Cutting soft membrane on a 8" piranha is a lot harder than I thought, those arowana video makes it look so easy probably cuz the gills plates are bigger and they cut more than just soft membrane.


----------



## jp80911 (Apr 3, 2008)

I only used about 1ml of clove oil for about 5g of water so it took like 10 minutes to some what sedate the fish and the sedation wears off pretty fast so if I have to do it again I would try double the dosage.
It was pretty hard to trim off the soft membrane as they are so slippery and I don't want to garb on it too hard. the side with visible gill curl was way pass the soft membrane and on to the hard plate but only slightly so I trimmed those off as well. I felted both side to make sure there's not curled part before I put back into the tank. took only few minutes for it to be completely out of it since the sedation effect was already wearing off.
hopefully I did a good job and they will grow back normal.
here's a video of it, not the greatest thing since it was a one man operation and I was pretty nerves and clumsy at it so it took much longer than I thought, it felt like hrs when I was working with those scissors.





I think I can safely say that I have a "true" blue diamond now?? LOL


----------



## balluupnetme (Oct 23, 2006)

wow...hope it went well and yes that's a nice blue diamond


----------



## SERRAPYGO (Feb 4, 2003)

Completeley unnecessary







to put a fish through this kind of stress for a cosmetic reason that was bothering you and NOT HIM. Plus, that towel probably removed most of his protective slime.

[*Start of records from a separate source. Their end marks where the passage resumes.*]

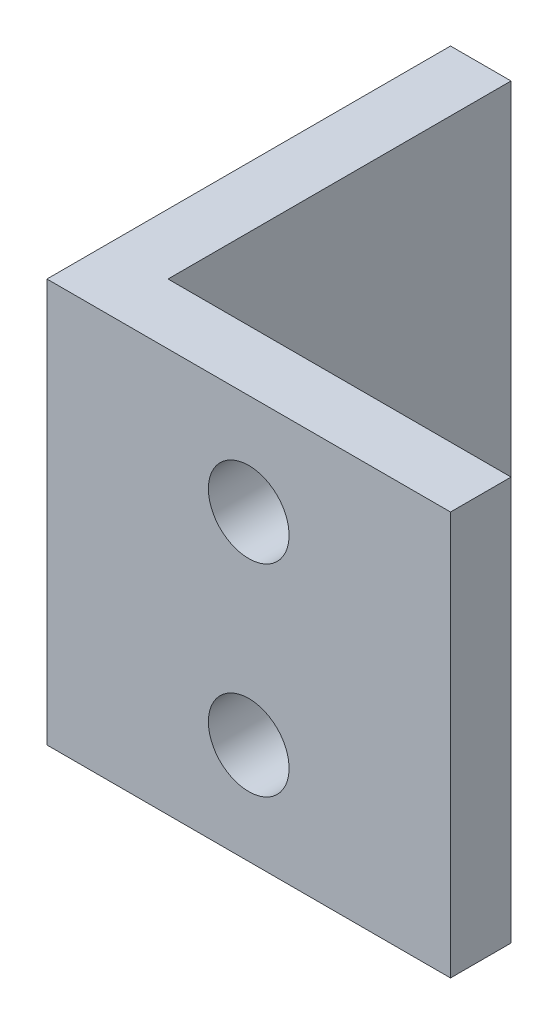
ISO-10303-21;
HEADER;
FILE_DESCRIPTION(('STEP AP214'),'2;1');
FILE_NAME('part.step','',(''),(''),'','','');
FILE_SCHEMA(('AUTOMOTIVE_DESIGN { 1 0 10303 214 1 1 1 1 }'));
ENDSEC;
DATA;
#1=APPLICATION_CONTEXT('core data for automotive mechanical design processes');
#2=APPLICATION_PROTOCOL_DEFINITION('international standard','automotive_design',2000,#1);
#3=PRODUCT_CONTEXT('',#1,'mechanical');
#4=PRODUCT('Part','Part','',(#3));
#5=PRODUCT_RELATED_PRODUCT_CATEGORY('part','',(#4));
#6=PRODUCT_DEFINITION_FORMATION('','',#4);
#7=PRODUCT_DEFINITION_CONTEXT('part definition',#1,'design');
#8=PRODUCT_DEFINITION('design','',#6,#7);
#9=PRODUCT_DEFINITION_SHAPE('','',#8);
#10=(LENGTH_UNIT() NAMED_UNIT(*) SI_UNIT(.MILLI.,.METRE.));
#11=(NAMED_UNIT(*) PLANE_ANGLE_UNIT() SI_UNIT($,.RADIAN.));
#12=(NAMED_UNIT(*) SI_UNIT($,.STERADIAN.) SOLID_ANGLE_UNIT());
#13=UNCERTAINTY_MEASURE_WITH_UNIT(LENGTH_MEASURE(1.E-05),#10,'distance_accuracy_value','');
#14=(GEOMETRIC_REPRESENTATION_CONTEXT(3) GLOBAL_UNCERTAINTY_ASSIGNED_CONTEXT((#13)) GLOBAL_UNIT_ASSIGNED_CONTEXT((#10,
#11,#12)) REPRESENTATION_CONTEXT('',''));
#15=CARTESIAN_POINT('',(0.,0.,0.));
#16=DIRECTION('',(0.,0.,1.));
#17=DIRECTION('',(1.,0.,0.));
#18=AXIS2_PLACEMENT_3D('',#15,#16,#17);
#19=CARTESIAN_POINT('',(39.,140.,20.));
#20=DIRECTION('',(0.,0.,1.));
#21=DIRECTION('',(1.,0.,0.));
#22=AXIS2_PLACEMENT_3D('',#19,#20,#21);
#23=PLANE('',#22);
#24=CARTESIAN_POINT('',(49.,145.,20.));
#25=DIRECTION('',(0.,0.,-1.));
#26=DIRECTION('',(-1.,0.,0.));
#27=AXIS2_PLACEMENT_3D('',#24,#25,#26);
#28=CIRCLE('',#27,1.99999999999999);
#29=CARTESIAN_POINT('',(47.,145.,20.));
#30=VERTEX_POINT('',#29);
#31=EDGE_CURVE('E152',#30,#30,#28,.T.);
#32=ORIENTED_EDGE('',*,*,#31,.T.);
#33=EDGE_LOOP('',(#32));
#34=FACE_BOUND('',#33,.T.);
#35=CARTESIAN_POINT('',(49.,155.,20.));
#36=DIRECTION('',(0.,0.,-1.));
#37=DIRECTION('',(-1.,0.,0.));
#38=AXIS2_PLACEMENT_3D('',#35,#36,#37);
#39=CIRCLE('',#38,1.99999999999999);
#40=CARTESIAN_POINT('',(47.,155.,20.));
#41=VERTEX_POINT('',#40);
#42=EDGE_CURVE('E146',#41,#41,#39,.T.);
#43=ORIENTED_EDGE('',*,*,#42,.T.);
#44=EDGE_LOOP('',(#43));
#45=FACE_BOUND('',#44,.T.);
#46=DIRECTION('',(1.,0.,0.));
#47=VECTOR('',#46,1.);
#48=CARTESIAN_POINT('',(39.,160.,20.));
#49=LINE('',#48,#47);
#50=CARTESIAN_POINT('',(39.,160.,20.));
#51=VERTEX_POINT('',#50);
#52=CARTESIAN_POINT('',(59.,160.,20.));
#53=VERTEX_POINT('',#52);
#54=EDGE_CURVE('E112',#51,#53,#49,.T.);
#55=ORIENTED_EDGE('',*,*,#54,.F.);
#56=DIRECTION('',(0.,1.,0.));
#57=VECTOR('',#56,1.);
#58=CARTESIAN_POINT('',(39.,140.,20.));
#59=LINE('',#58,#57);
#60=CARTESIAN_POINT('',(39.,140.,20.));
#61=VERTEX_POINT('',#60);
#62=EDGE_CURVE('E11',#61,#51,#59,.T.);
#63=ORIENTED_EDGE('',*,*,#62,.F.);
#64=DIRECTION('',(1.,0.,0.));
#65=VECTOR('',#64,1.);
#66=CARTESIAN_POINT('',(39.,140.,20.));
#67=LINE('',#66,#65);
#68=CARTESIAN_POINT('',(59.,140.,20.));
#69=VERTEX_POINT('',#68);
#70=EDGE_CURVE('E121',#61,#69,#67,.T.);
#71=ORIENTED_EDGE('',*,*,#70,.T.);
#72=DIRECTION('',(0.,1.,0.));
#73=VECTOR('',#72,1.);
#74=CARTESIAN_POINT('',(59.,140.,20.));
#75=LINE('',#74,#73);
#76=EDGE_CURVE('E38',#69,#53,#75,.T.);
#77=ORIENTED_EDGE('',*,*,#76,.T.);
#78=EDGE_LOOP('',(#55,#63,#71,#77));
#79=FACE_BOUND('',#78,.T.);
#80=ADVANCED_FACE('F35',(#34,#45,#79),#23,.T.);
#81=CARTESIAN_POINT('',(39.,140.,0.));
#82=DIRECTION('',(-1.,0.,0.));
#83=DIRECTION('',(0.,0.,1.));
#84=AXIS2_PLACEMENT_3D('',#81,#82,#83);
#85=PLANE('',#84);
#86=CARTESIAN_POINT('',(39.,150.,10.));
#87=DIRECTION('',(-1.,0.,0.));
#88=DIRECTION('',(0.,0.,1.));
#89=AXIS2_PLACEMENT_3D('',#86,#87,#88);
#90=CIRCLE('',#89,2.09999999999999);
#91=CARTESIAN_POINT('',(39.,150.,12.1));
#92=VERTEX_POINT('',#91);
#93=EDGE_CURVE('E143',#92,#92,#90,.T.);
#94=ORIENTED_EDGE('',*,*,#93,.F.);
#95=EDGE_LOOP('',(#94));
#96=FACE_BOUND('',#95,.T.);
#97=DIRECTION('',(0.,0.,1.));
#98=VECTOR('',#97,1.);
#99=CARTESIAN_POINT('',(39.,160.,0.));
#100=LINE('',#99,#98);
#101=CARTESIAN_POINT('',(39.,160.,0.));
#102=VERTEX_POINT('',#101);
#103=EDGE_CURVE('E115',#102,#51,#100,.T.);
#104=ORIENTED_EDGE('',*,*,#103,.F.);
#105=DIRECTION('',(0.,1.,0.));
#106=VECTOR('',#105,1.);
#107=CARTESIAN_POINT('',(39.,140.,0.));
#108=LINE('',#107,#106);
#109=CARTESIAN_POINT('',(39.,140.,0.));
#110=VERTEX_POINT('',#109);
#111=EDGE_CURVE('E43',#110,#102,#108,.T.);
#112=ORIENTED_EDGE('',*,*,#111,.F.);
#113=DIRECTION('',(0.,0.,1.));
#114=VECTOR('',#113,1.);
#115=CARTESIAN_POINT('',(39.,140.,0.));
#116=LINE('',#115,#114);
#117=EDGE_CURVE('E126',#110,#61,#116,.T.);
#118=ORIENTED_EDGE('',*,*,#117,.T.);
#119=ORIENTED_EDGE('',*,*,#62,.T.);
#120=EDGE_LOOP('',(#104,#112,#118,#119));
#121=FACE_BOUND('',#120,.T.);
#122=ADVANCED_FACE('F182',(#96,#121),#85,.T.);
#123=CARTESIAN_POINT('',(59.,140.,0.));
#124=DIRECTION('',(0.,0.,-1.));
#125=DIRECTION('',(-1.,0.,0.));
#126=AXIS2_PLACEMENT_3D('',#123,#124,#125);
#127=PLANE('',#126);
#128=DIRECTION('',(0.,-1.,0.));
#129=VECTOR('',#128,1.);
#130=CARTESIAN_POINT('',(42.,160.,0.));
#131=LINE('',#130,#129);
#132=CARTESIAN_POINT('',(42.,160.,0.));
#133=VERTEX_POINT('',#132);
#134=CARTESIAN_POINT('',(42.,140.,0.));
#135=VERTEX_POINT('',#134);
#136=EDGE_CURVE('E117',#133,#135,#131,.T.);
#137=ORIENTED_EDGE('',*,*,#136,.T.);
#138=DIRECTION('',(-1.,0.,0.));
#139=VECTOR('',#138,1.);
#140=CARTESIAN_POINT('',(59.,140.,0.));
#141=LINE('',#140,#139);
#142=EDGE_CURVE('E127',#135,#110,#141,.T.);
#143=ORIENTED_EDGE('',*,*,#142,.T.);
#144=ORIENTED_EDGE('',*,*,#111,.T.);
#145=DIRECTION('',(-1.,0.,0.));
#146=VECTOR('',#145,1.);
#147=CARTESIAN_POINT('',(59.,160.,0.));
#148=LINE('',#147,#146);
#149=EDGE_CURVE('E113',#133,#102,#148,.T.);
#150=ORIENTED_EDGE('',*,*,#149,.F.);
#151=EDGE_LOOP('',(#137,#143,#144,#150));
#152=FACE_BOUND('',#151,.T.);
#153=ADVANCED_FACE('F187',(#152),#127,.T.);
#154=CARTESIAN_POINT('',(59.,140.,20.));
#155=DIRECTION('',(1.,0.,0.));
#156=DIRECTION('',(0.,0.,-1.));
#157=AXIS2_PLACEMENT_3D('',#154,#155,#156);
#158=PLANE('',#157);
#159=DIRECTION('',(0.,-1.,0.));
#160=VECTOR('',#159,1.);
#161=CARTESIAN_POINT('',(59.,160.,17.));
#162=LINE('',#161,#160);
#163=CARTESIAN_POINT('',(59.,160.,17.));
#164=VERTEX_POINT('',#163);
#165=CARTESIAN_POINT('',(59.,140.,17.));
#166=VERTEX_POINT('',#165);
#167=EDGE_CURVE('E98',#164,#166,#162,.T.);
#168=ORIENTED_EDGE('',*,*,#167,.F.);
#169=DIRECTION('',(0.,0.,-1.));
#170=VECTOR('',#169,1.);
#171=CARTESIAN_POINT('',(59.,160.,20.));
#172=LINE('',#171,#170);
#173=EDGE_CURVE('E106',#53,#164,#172,.T.);
#174=ORIENTED_EDGE('',*,*,#173,.F.);
#175=ORIENTED_EDGE('',*,*,#76,.F.);
#176=DIRECTION('',(0.,0.,-1.));
#177=VECTOR('',#176,1.);
#178=CARTESIAN_POINT('',(59.,140.,20.));
#179=LINE('',#178,#177);
#180=EDGE_CURVE('E108',#69,#166,#179,.T.);
#181=ORIENTED_EDGE('',*,*,#180,.T.);
#182=EDGE_LOOP('',(#168,#174,#175,#181));
#183=FACE_BOUND('',#182,.T.);
#184=ADVANCED_FACE('F105',(#183),#158,.T.);
#185=CARTESIAN_POINT('',(0.,140.,0.));
#186=DIRECTION('',(0.,1.,0.));
#187=DIRECTION('',(0.,0.,1.));
#188=AXIS2_PLACEMENT_3D('',#185,#186,#187);
#189=PLANE('',#188);
#190=ORIENTED_EDGE('',*,*,#142,.F.);
#191=DIRECTION('',(0.,0.,-1.));
#192=VECTOR('',#191,1.);
#193=CARTESIAN_POINT('',(42.,140.,17.));
#194=LINE('',#193,#192);
#195=CARTESIAN_POINT('',(42.,140.,17.));
#196=VERTEX_POINT('',#195);
#197=EDGE_CURVE('E103',#196,#135,#194,.T.);
#198=ORIENTED_EDGE('',*,*,#197,.F.);
#199=DIRECTION('',(-1.,0.,0.));
#200=VECTOR('',#199,1.);
#201=CARTESIAN_POINT('',(59.,140.,17.));
#202=LINE('',#201,#200);
#203=EDGE_CURVE('E137',#166,#196,#202,.T.);
#204=ORIENTED_EDGE('',*,*,#203,.F.);
#205=ORIENTED_EDGE('',*,*,#180,.F.);
#206=ORIENTED_EDGE('',*,*,#70,.F.);
#207=ORIENTED_EDGE('',*,*,#117,.F.);
#208=EDGE_LOOP('',(#190,#198,#204,#205,#206,#207));
#209=FACE_BOUND('',#208,.T.);
#210=ADVANCED_FACE('F194',(#209),#189,.F.);
#211=CARTESIAN_POINT('',(0.,160.,0.));
#212=DIRECTION('',(0.,1.,0.));
#213=DIRECTION('',(0.,0.,1.));
#214=AXIS2_PLACEMENT_3D('',#211,#212,#213);
#215=PLANE('',#214);
#216=DIRECTION('',(0.,0.,-1.));
#217=VECTOR('',#216,1.);
#218=CARTESIAN_POINT('',(42.,160.,17.));
#219=LINE('',#218,#217);
#220=CARTESIAN_POINT('',(42.,160.,17.));
#221=VERTEX_POINT('',#220);
#222=EDGE_CURVE('E51',#221,#133,#219,.T.);
#223=ORIENTED_EDGE('',*,*,#222,.T.);
#224=ORIENTED_EDGE('',*,*,#149,.T.);
#225=ORIENTED_EDGE('',*,*,#103,.T.);
#226=ORIENTED_EDGE('',*,*,#54,.T.);
#227=ORIENTED_EDGE('',*,*,#173,.T.);
#228=DIRECTION('',(-1.,0.,0.));
#229=VECTOR('',#228,1.);
#230=CARTESIAN_POINT('',(59.,160.,17.));
#231=LINE('',#230,#229);
#232=EDGE_CURVE('E94',#164,#221,#231,.T.);
#233=ORIENTED_EDGE('',*,*,#232,.T.);
#234=EDGE_LOOP('',(#223,#224,#225,#226,#227,#233));
#235=FACE_BOUND('',#234,.T.);
#236=ADVANCED_FACE('F110',(#235),#215,.T.);
#237=CARTESIAN_POINT('',(42.,160.,17.));
#238=DIRECTION('',(-1.,0.,0.));
#239=DIRECTION('',(0.,0.,1.));
#240=AXIS2_PLACEMENT_3D('',#237,#238,#239);
#241=PLANE('',#240);
#242=CARTESIAN_POINT('',(42.,150.,10.));
#243=DIRECTION('',(-1.,0.,0.));
#244=DIRECTION('',(0.,0.,1.));
#245=AXIS2_PLACEMENT_3D('',#242,#243,#244);
#246=CIRCLE('',#245,2.09999999999999);
#247=CARTESIAN_POINT('',(42.,150.,12.1));
#248=VERTEX_POINT('',#247);
#249=EDGE_CURVE('E139',#248,#248,#246,.T.);
#250=ORIENTED_EDGE('',*,*,#249,.T.);
#251=EDGE_LOOP('',(#250));
#252=FACE_BOUND('',#251,.T.);
#253=ORIENTED_EDGE('',*,*,#197,.T.);
#254=ORIENTED_EDGE('',*,*,#136,.F.);
#255=ORIENTED_EDGE('',*,*,#222,.F.);
#256=DIRECTION('',(0.,-1.,0.));
#257=VECTOR('',#256,1.);
#258=CARTESIAN_POINT('',(42.,160.,17.));
#259=LINE('',#258,#257);
#260=EDGE_CURVE('E100',#221,#196,#259,.T.);
#261=ORIENTED_EDGE('',*,*,#260,.T.);
#262=EDGE_LOOP('',(#253,#254,#255,#261));
#263=FACE_BOUND('',#262,.T.);
#264=ADVANCED_FACE('F164',(#252,#263),#241,.F.);
#265=CARTESIAN_POINT('',(59.,160.,17.));
#266=DIRECTION('',(0.,0.,1.));
#267=DIRECTION('',(1.,0.,0.));
#268=AXIS2_PLACEMENT_3D('',#265,#266,#267);
#269=PLANE('',#268);
#270=CARTESIAN_POINT('',(49.,145.,17.));
#271=DIRECTION('',(0.,0.,-1.));
#272=DIRECTION('',(-1.,0.,0.));
#273=AXIS2_PLACEMENT_3D('',#270,#271,#272);
#274=CIRCLE('',#273,1.99999999999999);
#275=CARTESIAN_POINT('',(47.,145.,17.));
#276=VERTEX_POINT('',#275);
#277=EDGE_CURVE('E155',#276,#276,#274,.T.);
#278=ORIENTED_EDGE('',*,*,#277,.F.);
#279=EDGE_LOOP('',(#278));
#280=FACE_BOUND('',#279,.T.);
#281=CARTESIAN_POINT('',(49.,155.,17.));
#282=DIRECTION('',(0.,0.,-1.));
#283=DIRECTION('',(-1.,0.,0.));
#284=AXIS2_PLACEMENT_3D('',#281,#282,#283);
#285=CIRCLE('',#284,1.99999999999999);
#286=CARTESIAN_POINT('',(47.,155.,17.));
#287=VERTEX_POINT('',#286);
#288=EDGE_CURVE('E149',#287,#287,#285,.T.);
#289=ORIENTED_EDGE('',*,*,#288,.F.);
#290=EDGE_LOOP('',(#289));
#291=FACE_BOUND('',#290,.T.);
#292=ORIENTED_EDGE('',*,*,#203,.T.);
#293=ORIENTED_EDGE('',*,*,#260,.F.);
#294=ORIENTED_EDGE('',*,*,#232,.F.);
#295=ORIENTED_EDGE('',*,*,#167,.T.);
#296=EDGE_LOOP('',(#292,#293,#294,#295));
#297=FACE_BOUND('',#296,.T.);
#298=ADVANCED_FACE('F97',(#280,#291,#297),#269,.F.);
#299=CARTESIAN_POINT('',(39.,150.,10.));
#300=DIRECTION('',(-1.,0.,0.));
#301=DIRECTION('',(0.,0.,1.));
#302=AXIS2_PLACEMENT_3D('',#299,#300,#301);
#303=CYLINDRICAL_SURFACE('',#302,2.09999999999999);
#304=ORIENTED_EDGE('',*,*,#93,.T.);
#305=EDGE_LOOP('',(#304));
#306=FACE_BOUND('',#305,.T.);
#307=ORIENTED_EDGE('',*,*,#249,.F.);
#308=EDGE_LOOP('',(#307));
#309=FACE_BOUND('',#308,.T.);
#310=ADVANCED_FACE('F163',(#306,#309),#303,.F.);
#311=CARTESIAN_POINT('',(49.,155.,17.));
#312=DIRECTION('',(0.,0.,-1.));
#313=DIRECTION('',(-1.,0.,0.));
#314=AXIS2_PLACEMENT_3D('',#311,#312,#313);
#315=CYLINDRICAL_SURFACE('',#314,1.99999999999999);
#316=ORIENTED_EDGE('',*,*,#42,.F.);
#317=EDGE_LOOP('',(#316));
#318=FACE_BOUND('',#317,.T.);
#319=ORIENTED_EDGE('',*,*,#288,.T.);
#320=EDGE_LOOP('',(#319));
#321=FACE_BOUND('',#320,.T.);
#322=ADVANCED_FACE('F168',(#318,#321),#315,.F.);
#323=CARTESIAN_POINT('',(49.,145.,17.));
#324=DIRECTION('',(0.,0.,-1.));
#325=DIRECTION('',(-1.,0.,0.));
#326=AXIS2_PLACEMENT_3D('',#323,#324,#325);
#327=CYLINDRICAL_SURFACE('',#326,1.99999999999999);
#328=ORIENTED_EDGE('',*,*,#31,.F.);
#329=EDGE_LOOP('',(#328));
#330=FACE_BOUND('',#329,.T.);
#331=ORIENTED_EDGE('',*,*,#277,.T.);
#332=EDGE_LOOP('',(#331));
#333=FACE_BOUND('',#332,.T.);
#334=ADVANCED_FACE('F159',(#330,#333),#327,.F.);
#335=CLOSED_SHELL('',(#80,#122,#153,#184,#210,#236,#264,#298,#310,#322,#334));
#336=MANIFOLD_SOLID_BREP('B2',#335);
#337=ADVANCED_BREP_SHAPE_REPRESENTATION('',(#18,#336),#14);
#338=SHAPE_DEFINITION_REPRESENTATION(#9,#337);
ENDSEC;
END-ISO-10303-21;

You had to know there'd be people opposed, sorry. Please...nobody else do this!


----------



## Guest (Apr 28, 2011)

I couldn't see the gill curl in the video, but good job anyway








I laughed when the camera turned to the mickey mouse towels lol


----------



## bob351 (Oct 23, 2005)

That blue is freaking unreal







, i have seen this done with many asian arowana its not bad at least he's sedated. It is not healthy for the fish, this is an exerb about asian arowana curl: "At the initial stage, the movement of the gill covers is not regular and breathing is also faster and abnormal. Next, the gill covers may become concave and the edge may curl upwards, causing the gills to be exposed in the water.

Finally, at the serious stage, the fish pushes its head up constantly to the surface for air while at the same time loses its appetite. This means the internal gills have become damaged and probably infected with bacteria, affecting the function of breathing and this can lead to death eventually."


----------



## Johnny_Zanni (Nov 8, 2009)

bob351 said:


> That blue is freaking unreal
> 
> 
> 
> ...


This....

Obviously someone doesn't realize what gill curl can do.

Good job buddy getting my rhom all fixed up.








Sedate more next time though lol he was barely even under.


----------



## Ibanez247 (Nov 9, 2006)

Ahhhh Ok. Isnt gill curl caused by poor water quality maybe fix that instead?


----------



## jp80911 (Apr 3, 2008)

SERRAPYGO said:


> Sedate more next time though lol he was barely even under.


well I hope there's no next time, I should have sedated him more but I was in fear that it won't come out of it.


----------



## jp80911 (Apr 3, 2008)

Ibanez247 said:


> Ahhhh Ok. Isnt gill curl caused by poor water quality maybe fix that instead?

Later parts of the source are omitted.